EXERCISE GOAL:
Of the lines below, write out exactly those from the line with "(0.0, -1.65, 0.0)" through the line with "(0.0, -1.5, 0.0)", both included, and skip the rest.

RECORDS FOR THIS EXERCISE:
--- START ---

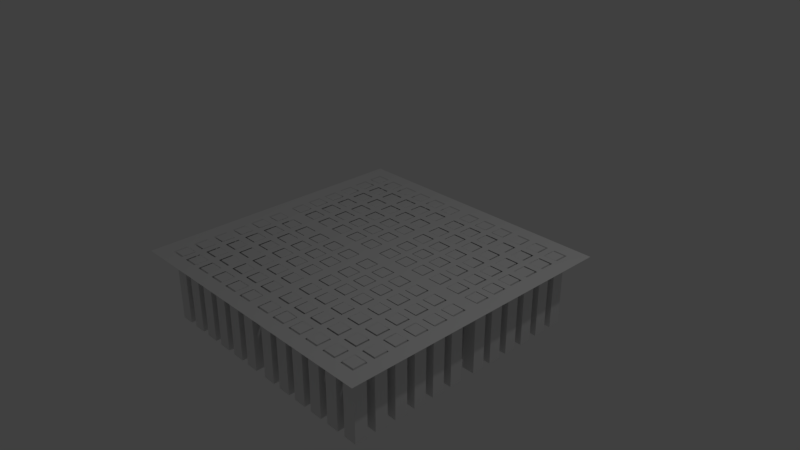 # Source: trap_speer.blend  (saved by Blender 2.78.0; exported with 4.5.12 LTS)
import bpy
from mathutils import Matrix  # noqa: F401  (used for matrix-valued properties, if any)

bpy.ops.wm.read_factory_settings(use_empty=True)
scene = bpy.context.scene
scene.name = 'Scene'

# ---- collections
col_collection_1 = bpy.data.collections.new('Collection 1'); scene.collection.children.link(col_collection_1)

# ---- world
world_world = bpy.data.worlds.new('World'); scene.world = world_world
world_world.color = (0.05088, 0.05088, 0.05088)
world_world.use_sun_shadow = False
world_world.sun_shadow_jitter_overblur = 0.0
world_world.cycles.sampling_method = 'MANUAL'

# ---- cameras
cam_camera = bpy.data.cameras.new('Camera')
cam_camera.clip_end = 100.0
cam_camera.lens = 35.0
cam_camera.sensor_width = 32.0
cam_camera.sensor_height = 18.0
cam_camera.ortho_scale = 7.314
cam_camera.dof.focus_distance = 0.0
cam_camera.dof.aperture_fstop = 128.0

# ---- lights
light_lamp = bpy.data.lights.new('Lamp', 'POINT')
light_lamp.transmission_factor = 0.0
light_lamp.cutoff_distance = 30.0
light_lamp.energy = 100.0
light_lamp.shadow_buffer_clip_start = 1.001
light_lamp.shadow_soft_size = 0.1
light_lamp.shadow_maximum_resolution = 0.006
light_lamp.use_absolute_resolution = True

# ---- meshes
me_cube_002 = bpy.data.meshes.new('Cube.002')
me_cube_002.from_pydata([(1.0, -3.211, -2.0), (1.0, -3.211, -1.192e-07), (1.0, -1.211, -2.0), (1.0, -1.211, -1.192e-07), (3.0, -3.211, -2.0), (3.0, -3.211, -1.192e-07), (3.0, -1.211, -2.0), (3.0, -1.211, -1.192e-07)], [], [(0, 1, 3, 2), (2, 3, 7, 6), (6, 7, 5, 4), (4, 5, 1, 0), (2, 6, 4, 0), (7, 3, 1, 5)])
me_cube_002.use_remesh_preserve_volume = False
me_cube_002.use_remesh_preserve_attributes = False
me_cube_002.use_mirror_vertex_groups = False
me_cube_002.update()
me_cube_001 = bpy.data.meshes.new('Cube.001')
me_cube_001.from_pydata([(-1.0, -1.0, -1.0), (-1.0, -1.0, 1.0), (-1.0, 1.0, -1.0), (-1.0, 1.0, 1.0), (1.0, -1.0, -1.0), (1.0, -1.0, 1.0), (1.0, 1.0, -1.0), (1.0, 1.0, 1.0)], [], [(0, 1, 3, 2), (2, 3, 7, 6), (6, 7, 5, 4), (4, 5, 1, 0), (2, 6, 4, 0), (7, 3, 1, 5)])
me_cube_001.use_remesh_preserve_volume = False
me_cube_001.use_remesh_preserve_attributes = False
me_cube_001.use_mirror_vertex_groups = False
me_cube_001.update()
me_plane = bpy.data.meshes.new('Plane')
me_plane.from_pydata([(0.0, -2.0, 0.0), (2.0, -2.0, 0.0), (0.0, 0.0, 0.0), (2.0, 0.0, 0.0)], [], [(0, 1, 3, 2)])
me_plane.use_remesh_preserve_volume = False
me_plane.use_remesh_preserve_attributes = False
me_plane.use_mirror_vertex_groups = False
me_plane.update()

# ---- objects
ob_empty = bpy.data.objects.new('Empty', None)
ob_speer = bpy.data.objects.new('speer', me_cube_002)
ob_remove = bpy.data.objects.new('remove', me_cube_001)
ob_plane = bpy.data.objects.new('Plane', me_plane)
ob_lamp = bpy.data.objects.new('Lamp', light_lamp)
ob_camera = bpy.data.objects.new('Camera', cam_camera)

# ---- transforms, parenting, visibility, modifiers, constraints
ob_empty.location = (0.0, 0.0, 0.0)
ob_empty.empty_image_offset = (0.0, 0.0)
ob_empty.lineart.crease_threshold = 0.0
ob_speer.location = (0.0, 0.0, 0.0)
ob_speer.scale = (0.09, 0.09, 0.5)
ob_speer.lineart.crease_threshold = 0.0
_m = ob_speer.modifiers.new('Array', 'ARRAY')
_m.count = 6
_m.constant_offset_displace = (0.0, 0.0, 0.0)
_m.relative_offset_displace = (1.65, 0.0, 0.0)
_m = ob_speer.modifiers.new('Array.001', 'ARRAY')
_m.count = 6
_m.constant_offset_displace = (0.0, 0.0, 0.0)
_m.relative_offset_displace = (0.0, -1.65, 0.0)
_m = ob_speer.modifiers.new('Mirror', 'MIRROR')
_m.use_axis = (True, True, False)
_m.mirror_object = ob_empty
ob_remove.location = (0.18, -0.199, 0.0599)
ob_remove.scale = (0.1, 0.1, 0.1)
ob_remove.hide_viewport = True
ob_remove.hide_render = True
ob_remove.lineart.crease_threshold = 0.0
_m = ob_remove.modifiers.new('Array', 'ARRAY')
_m.count = 6
_m.constant_offset_displace = (0.0, 0.0, 0.0)
_m.relative_offset_displace = (1.5, 0.0, 0.0)
_m = ob_remove.modifiers.new('Array.001', 'ARRAY')
_m.count = 6
_m.constant_offset_displace = (0.0, 0.0, 0.0)
_m.relative_offset_displace = (0.0, -1.5, 0.0)
ob_plane.location = (0.0, 0.0, 0.0)
ob_plane.lineart.crease_threshold = 0.0
_m = ob_plane.modifiers.new('Boolean', 'BOOLEAN')
_m.object = ob_remove
_m.solver = 'FAST'
_m = ob_plane.modifiers.new('Mirror', 'MIRROR')
_m.use_axis = (True, True, False)
ob_lamp.location = (4.076, 1.005, 5.904)
ob_lamp.rotation_euler = (0.6503, 0.05522, 1.866)
ob_lamp.lock_rotations_4d = False
ob_lamp.empty_display_type = 'ARROWS'
ob_lamp.color = (0.0, 0.0, 0.0, 0.0)
ob_lamp.lineart.crease_threshold = 0.0
ob_camera.location = (7.481, -6.508, 5.344)
ob_camera.rotation_euler = (1.109, 0.0, 0.8149)
ob_camera.lock_rotations_4d = False
ob_camera.empty_display_type = 'ARROWS'
ob_camera.color = (0.0, 0.0, 0.0, 0.0)
ob_camera.display_type = 'WIRE'
ob_camera.lineart.crease_threshold = 0.0

# ---- collection membership
col_collection_1.objects.link(ob_empty)
col_collection_1.objects.link(ob_speer)
col_collection_1.objects.link(ob_remove)
col_collection_1.objects.link(ob_plane)
col_collection_1.objects.link(ob_lamp)
col_collection_1.objects.link(ob_camera)

# ---- scene / render settings (as saved in the file)
scene.camera = ob_camera
scene.frame_start = 1; scene.frame_end = 250; scene.frame_set(1)
scene.render.engine = 'BLENDER_EEVEE_NEXT'
scene.render.resolution_percentage = 50
scene.render.dither_intensity = 0.0
scene.cycles.use_denoising = False
scene.cycles.samples = 128
scene.cycles.sampling_pattern = 'TABULATED_SOBOL'
scene.cycles.light_sampling_threshold = 0.0
scene.cycles.use_adaptive_sampling = False
scene.cycles.use_light_tree = False
scene.cycles.blur_glossy = 0.0
scene.cycles.sample_clamp_indirect = 0.0
scene.view_settings.view_transform = 'Standard'
bpy.context.view_layer.update()

--- END ---

RESPONSE TO THIS TASK:
_m.relative_offset_displace = (0.0, -1.65, 0.0)
_m = ob_speer.modifiers.new('Mirror', 'MIRROR')
_m.use_axis = (True, True, False)
_m.mirror_object = ob_empty
ob_remove.location = (0.18, -0.199, 0.0599)
ob_remove.scale = (0.1, 0.1, 0.1)
ob_remove.hide_viewport = True
ob_remove.hide_render = True
ob_remove.lineart.crease_threshold = 0.0
_m = ob_remove.modifiers.new('Array', 'ARRAY')
_m.count = 6
_m.constant_offset_displace = (0.0, 0.0, 0.0)
_m.relative_offset_displace = (1.5, 0.0, 0.0)
_m = ob_remove.modifiers.new('Array.001', 'ARRAY')
_m.count = 6
_m.constant_offset_displace = (0.0, 0.0, 0.0)
_m.relative_offset_displace = (0.0, -1.5, 0.0)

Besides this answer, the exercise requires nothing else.